Quizá debiera llamar a su hermana. Miró el reloj. Seguramente, Quinn había terminado su partido de tenis, o estaba llevando a los mellizos al colegio, o lo que hiciera por las mañanas con todo su dinero y el de Jake.

Descolgó el auricular y marcó el teléfono móvil de su hermana. Respondió el contestador, con el acento perfectamente culto y sureño de Quinn, pidiéndole que dejara un mensaje. Whitney colgó sin decir nada, y sintió un alivio instantáneo. Lo intentaría de nuevo más tarde.

Tiró la lata de refresco vacía a la papelera y volvió a su despacho. Se sentó en el escritorio y sacó la carpeta sobre el Estrangulador del Sur. Quizá pudiera completar la información sobre su pasado. Estaba teorizando sobre muchas de las características del asesino, revisando todo lo que había recabado durante años sobre los secuestradores y asesinos en serie.

Trabajó con calma, y el tiempo pasó rápidamente. Cerró la carpeta, se estiró y decidió que iría al Starbucks a buscar un café. Vivía de su expreso. Entró en el salón y recogió su bolso, pero algo le llamó la atención en la pantalla del televisor.

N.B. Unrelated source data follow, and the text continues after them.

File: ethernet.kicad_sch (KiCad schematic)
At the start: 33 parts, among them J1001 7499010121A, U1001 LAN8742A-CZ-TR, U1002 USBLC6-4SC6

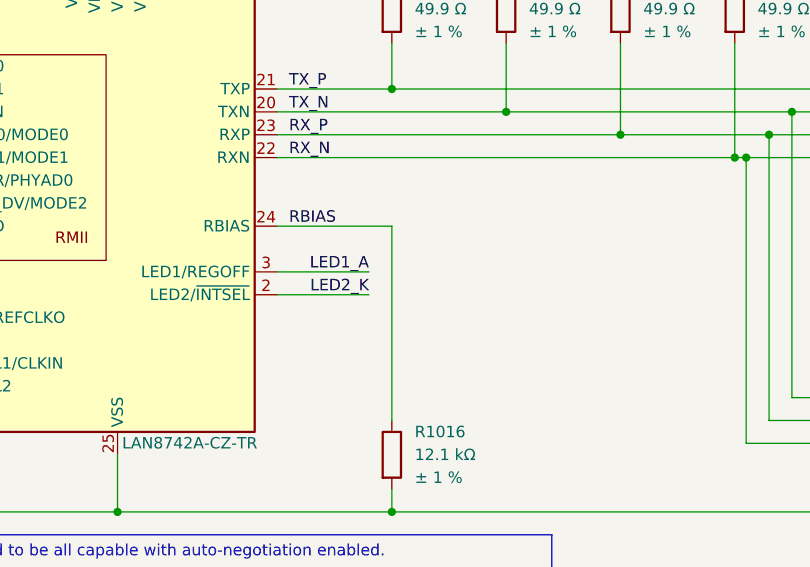
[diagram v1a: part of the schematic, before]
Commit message: Add test points, assign netclasses and clean-up
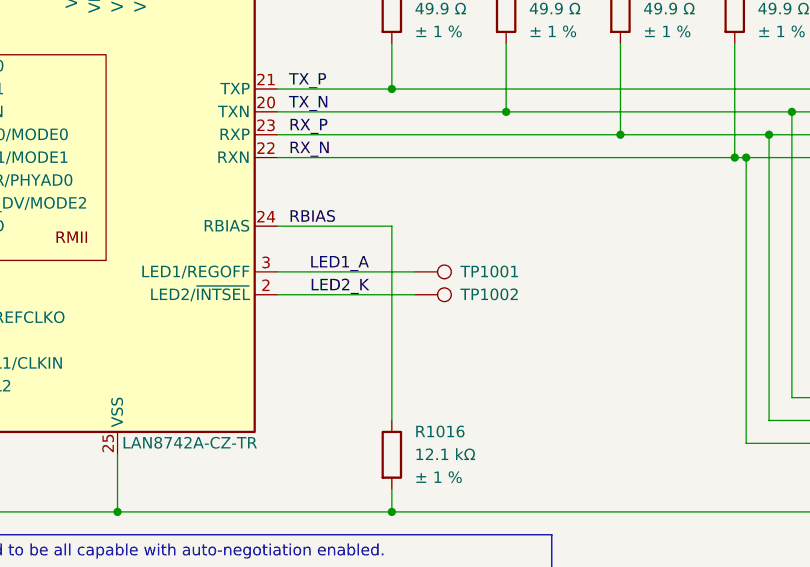
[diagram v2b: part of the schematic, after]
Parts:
- added TP1001, TP1002: TestPoint, TestPoint:TestPoint_Pad_D1.0mm, symbol Connector:TestPoint
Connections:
- net LED1_A: now also TP1001.1
- net LED2_K: now also TP1002.1
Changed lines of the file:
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@@
 	(wire
 		(pts
-			(xy 198.12 193.04) (xy 208.28 193.04)
+			(xy 198.12 193.04) (xy 213.36 193.04)
 		)
 		(stroke
@@
 	(wire
 		(pts
-			(xy 198.12 195.58) (xy 208.28 195.58)
+			(xy 198.12 195.58) (xy 213.36 195.58)
 		)
 		(stroke
@@
 			(justify right bottom)
 		)
-		(property "Netclass" "ETH"
+		(property "Netclass" "ETH_PAIR"
 			(at 216.5985 184.15 0)
 			(effects
@@
 	)
 	(symbol
+		(lib_id "Connector:TestPoint")
+		(at 213.36 193.04 270)
+		(mirror x)
+		(unit 1)
+		(exclude_from_sim no)
+		(in_bom yes)
+		(on_board yes)
+		(dnp no)
+		(property "Reference" "TP1001"
+			(at 218.44 193.04 90)
+			(effects
+				(font
+					(size 1.27 1.27)
+				)
+				(justify left)
+			)
+		)
+		(property "Value" "TestPoint"
+			(at 216.662 190.5 90)
+			(effects
+				(font
+					(size 1.27 1.27)
+				)
+				(hide yes)
+			)
+		)
+		(property "Footprint" "TestPoint:TestPoint_Pad_D1.0mm"
+			(at 213.36 187.96 0)
+			(effects
+				(font
+					(size 1.27 1.27)
+				)
+				(hide yes)
+			)
+		)
+		(property "Datasheet" "~"
+			(at 213.36 187.96 0)
+			(effects
+				(font
+					(size 1.27 1.27)
+				)
+				(hide yes)
+			)
+		)
+		(property "Description" "test point"
+			(at 213.36 193.04 0)
+			(effects
+				(font
+					(size 1.27 1.27)
+				)
+				(hide yes)
+			)
+		)
+		(property "Power" ""
+			(at 213.36 193.04 90)
+			(effects
+				(font
+					(size 1.27 1.27)
+				)
+				(hide yes)
+			)
+		)
+		(property "Temperature Coefficient" ""
+			(at 213.36 193.04 90)
+			(effects
+				(font
+					(size 1.27 1.27)
+				)
+				(hide yes)
+			)
+		)
+		(pin "1"
+		)
+		(instances
+			(project "linux-sbc"
+				(path "/fa11a02f-8043-4153-ab69-88d766503017/9ca4e50e-b0f6-43cd-b87d-1fd05ae8a1fe"
+					(reference "TP1001")
+					(unit 1)
+				)
+			)
+		)
+	)
+	(symbol
 		(lib_id "Device:C")
 		(at 121.92 123.19 0)
@@
 					(unit 1)
 				)
+			)
+		)
+	)
+	(symbol
+		(lib_id "Connector:TestPoint")
+		(at 213.36 195.58 270)
+		(mirror x)
+		(unit 1)
+		(exclude_from_sim no)
+		(in_bom yes)
+		(on_board yes)
+		(dnp no)
+		(property "Reference" "TP1002"
+			(at 218.44 195.58 90)
+			(effects
+				(font
+					(size 1.27 1.27)
+				)
+				(justify left)
+			)
+		)
+		(property "Value" "TestPoint"
+			(at 216.662 193.04 90)
+			(effects
+				(font
+					(size 1.27 1.27)
+				)
+				(hide yes)
+			)
+		)
+		(property "Footprint" "TestPoint:TestPoint_Pad_D1.0mm"
+			(at 213.36 190.5 0)
+			(effects
+				(font
+					(size 1.27 1.27)
+				)
+				(hide yes)
+			)
+		)
+		(property "Datasheet" "~"
+			(at 213.36 190.5 0)
+			(effects
+				(font
+					(size 1.27 1.27)
+				)
+				(hide yes)
+			)
+		)
+		(property "Description" "test point"
+			(at 213.36 195.58 0)
+			(effects
+				(font
+					(size 1.27 1.27)
+				)
+				(hide yes)
+			)
+		)
+		(property "Power" ""
+			(at 213.36 195.58 90)
+			(effects
+				(font
+					(size 1.27 1.27)
+				)
+				(hide yes)
+			)
+		)
+		(property "Temperature Coefficient" ""
+			(at 213.36 195.58 90)
+			(effects
+				(font
+					(size 1.27 1.27)
+				)
+				(hide yes)
+			)
+		)
+		(pin "1"
+		)
+		(instances
+			(project "linux-sbc"
+				(path "/fa11a02f-8043-4153-ab69-88d766503017/9ca4e50e-b0f6-43cd-b87d-1fd05ae8a1fe"
+					(reference "TP1002")
+					(unit 1)
+				)

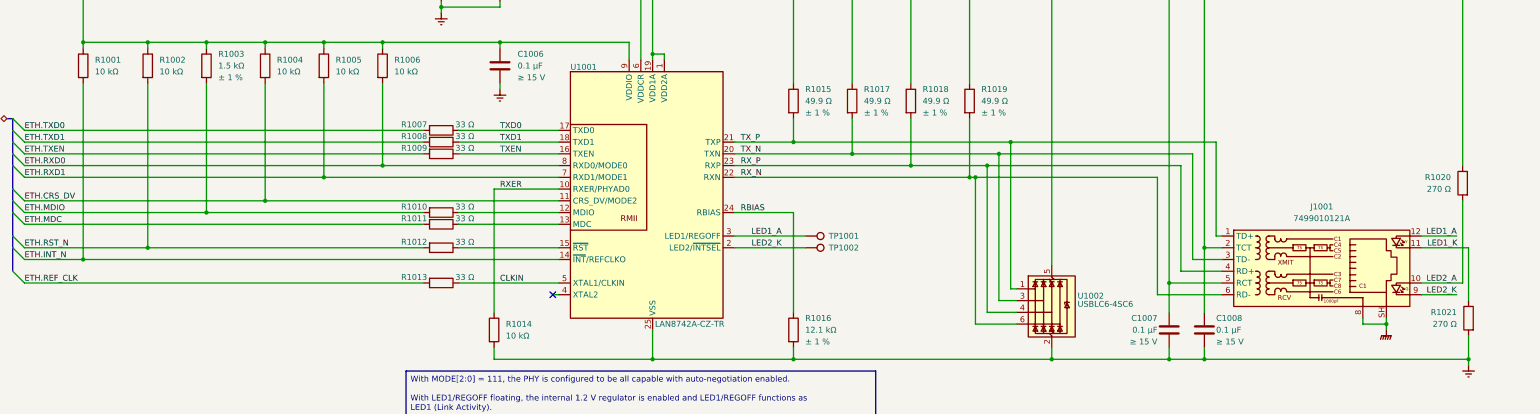
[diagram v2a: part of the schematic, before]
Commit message: Add series termination, refactor schematics
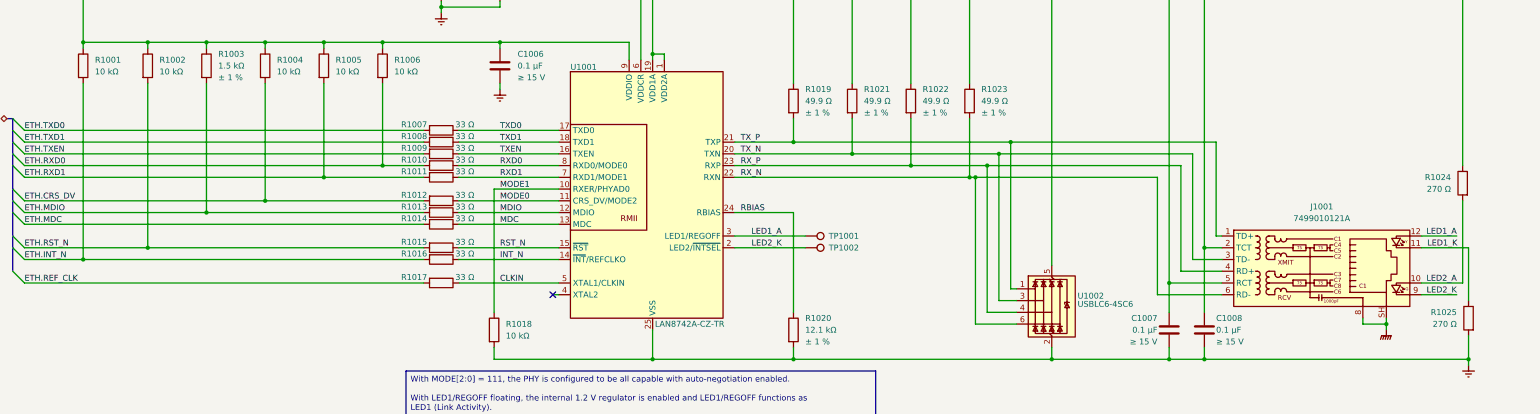
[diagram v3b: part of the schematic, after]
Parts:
- added R1010, R1011, R1012, R1016: 33 Ω, perfect_footprints:R_0402_1005Metric, symbol Device:R
- renumbered R1010 to R1013, R1011 to R1014, R1012 to R1015, R1013 to R1017, R1014 to R1018, R1015 to R1019, R1016 to R1020, R1017 to R1021, R1018 to R1022, R1019 to R1023, R1020 to R1024, R1021 to R1025
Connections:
- net ETH.CRS_DV: now also R1012.2; no longer U1001.11 (CRS_DV/MODE2)
- net ETH.INT_N: now also R1016.2; no longer U1001.14 (~{INT}/REFCLKO)
- net ETH.RXD0: now also R1010.2; no longer U1001.8 (RXD0/MODE0)
- net ETH.RXD1: now also R1011.2; no longer U1001.7 (RXD1/MODE1)
- net MDIO: now reaches R1013.1, U1001.12 (MDIO)
- net MDC: now reaches R1014.1, U1001.13 (MDC)
- net RST_N: now reaches R1015.1, U1001.15 (~{RST})
- net RXER renamed MODE1
- new net INT_N: R1016.1, U1001.14 (~{INT}/REFCLKO)
- new net MODE0: R1012.1, U1001.11 (CRS_DV/MODE2)
- new net RXD0: R1010.1, U1001.8 (RXD0/MODE0)
- new net RXD1: R1011.1, U1001.7 (RXD1/MODE1)

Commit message: Refactor symbol properties
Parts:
- R1001, R1002, R1004, R1005, R1006, R1007, R1008, R1009, R1010, R1011, R1012, R1013, R1014, R1015, R1016, R1017, R1018: DigiKey Part Number 732-560112110020CT-ND -> (none)

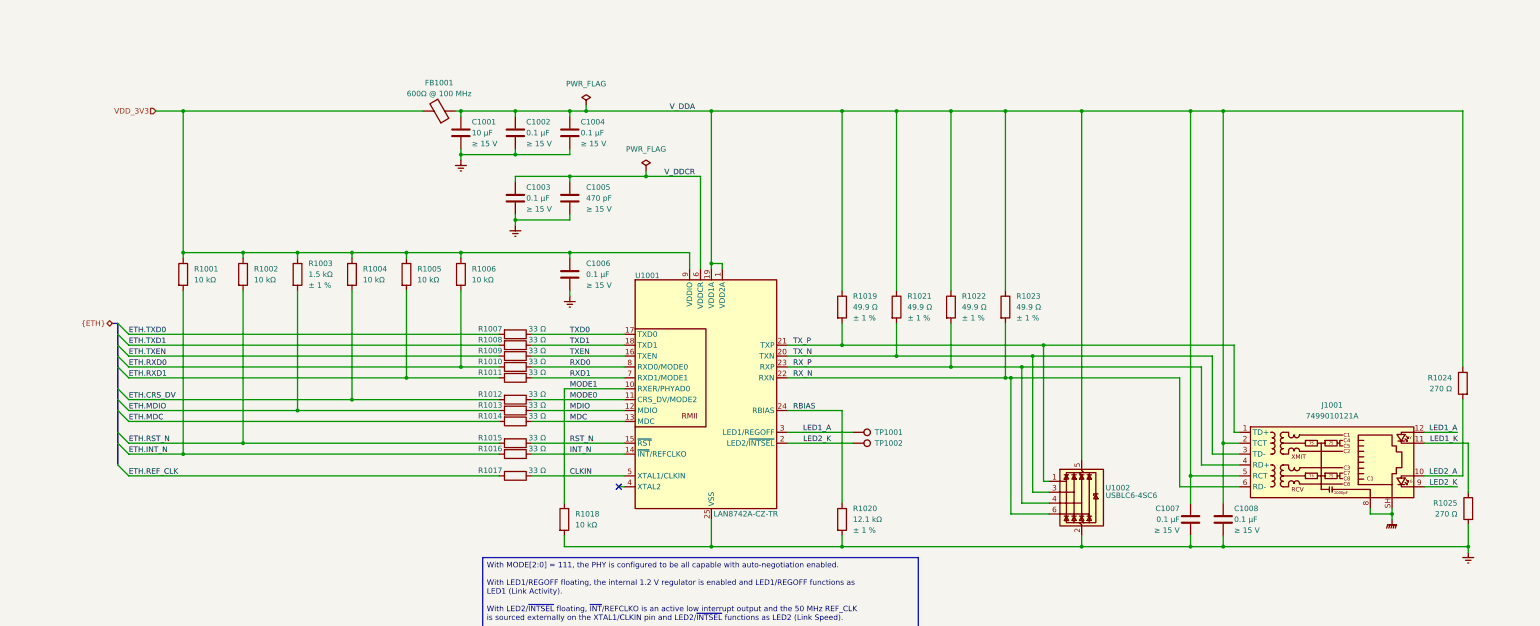
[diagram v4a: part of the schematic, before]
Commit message: Refactor ethernet
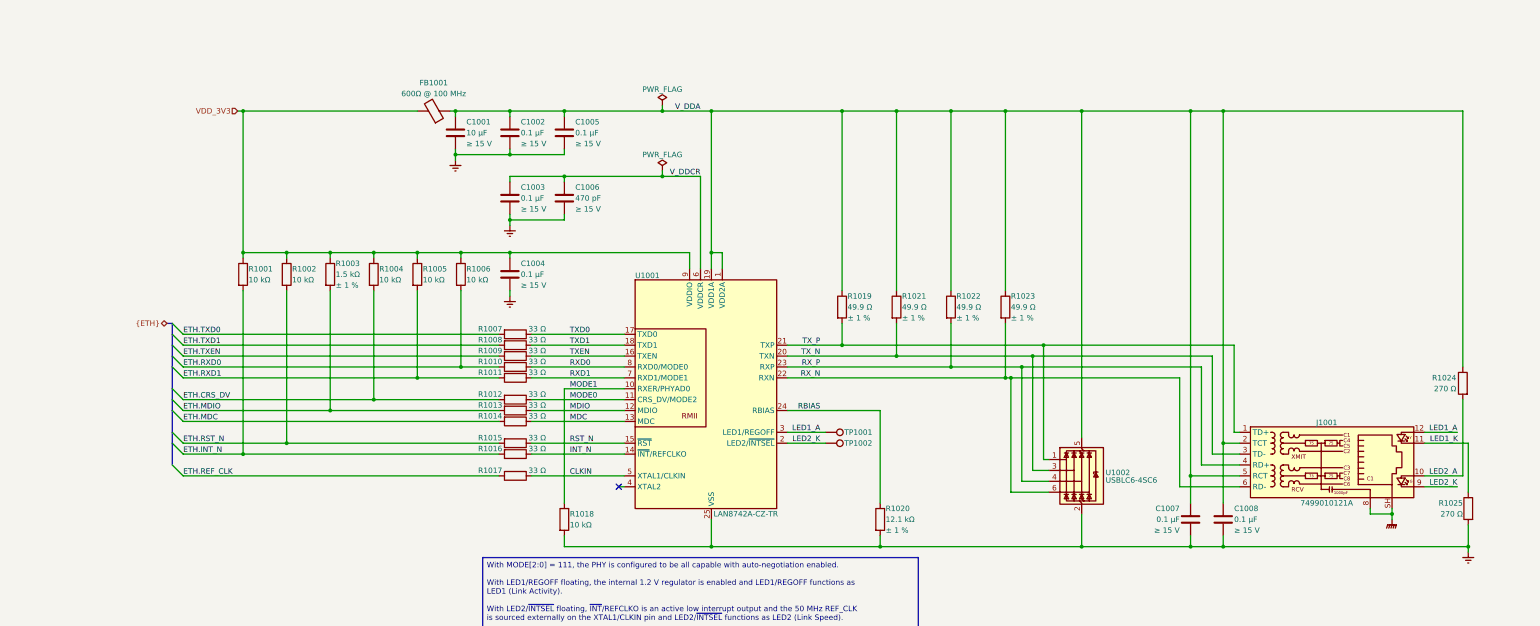
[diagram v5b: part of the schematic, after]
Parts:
- renumbered C1006 to C1004, C1004 to C1005, C1005 to C1006
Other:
- moved on the sheet: C1001, C1002, C1003, C1004, C1005, C1006, FB1001, R1001, R1002, R1003, R1004, R1005

Había un aviso de noticias en la pantalla. Habían encontrado a Marni Fischer.

Se sentó y subió el volumen. La periodista estaba diciendo que habían hallado el cadáver de Marni Fischer en la autopista 81, en Roanoke, Virginia. Roanoke. Hubo algo que comenzó a saltar en la mente de Whitney. Volvió rápidamente a su despacho y sacó de nuevo la carpeta, y leyó los nombres de las ciudades involucradas.

—Huntsville, Baton Rouge, Jackson, Nushville, Noble, Roanoke. Huntsville, Baton Rouge, Jackson, Nashville, Noble, Roanoke.

Se le aceleró el corazón. Con las manos temblorosas, sacó de nuevo sus notas y las copias de los poemas que había impreso de los correos electrónicos. Lo leyó todo sin dejar de jadear. Volvió a leerlo. Y una vez más. Entonces, lo supo. Supo quién era el Estrangulador del Sur.

Dejó las carpetas y sacó el móvil de su bolso. Al cuerno con el periodismo y con el trabajo de Nueva York. Tenía que advertir a su hermana.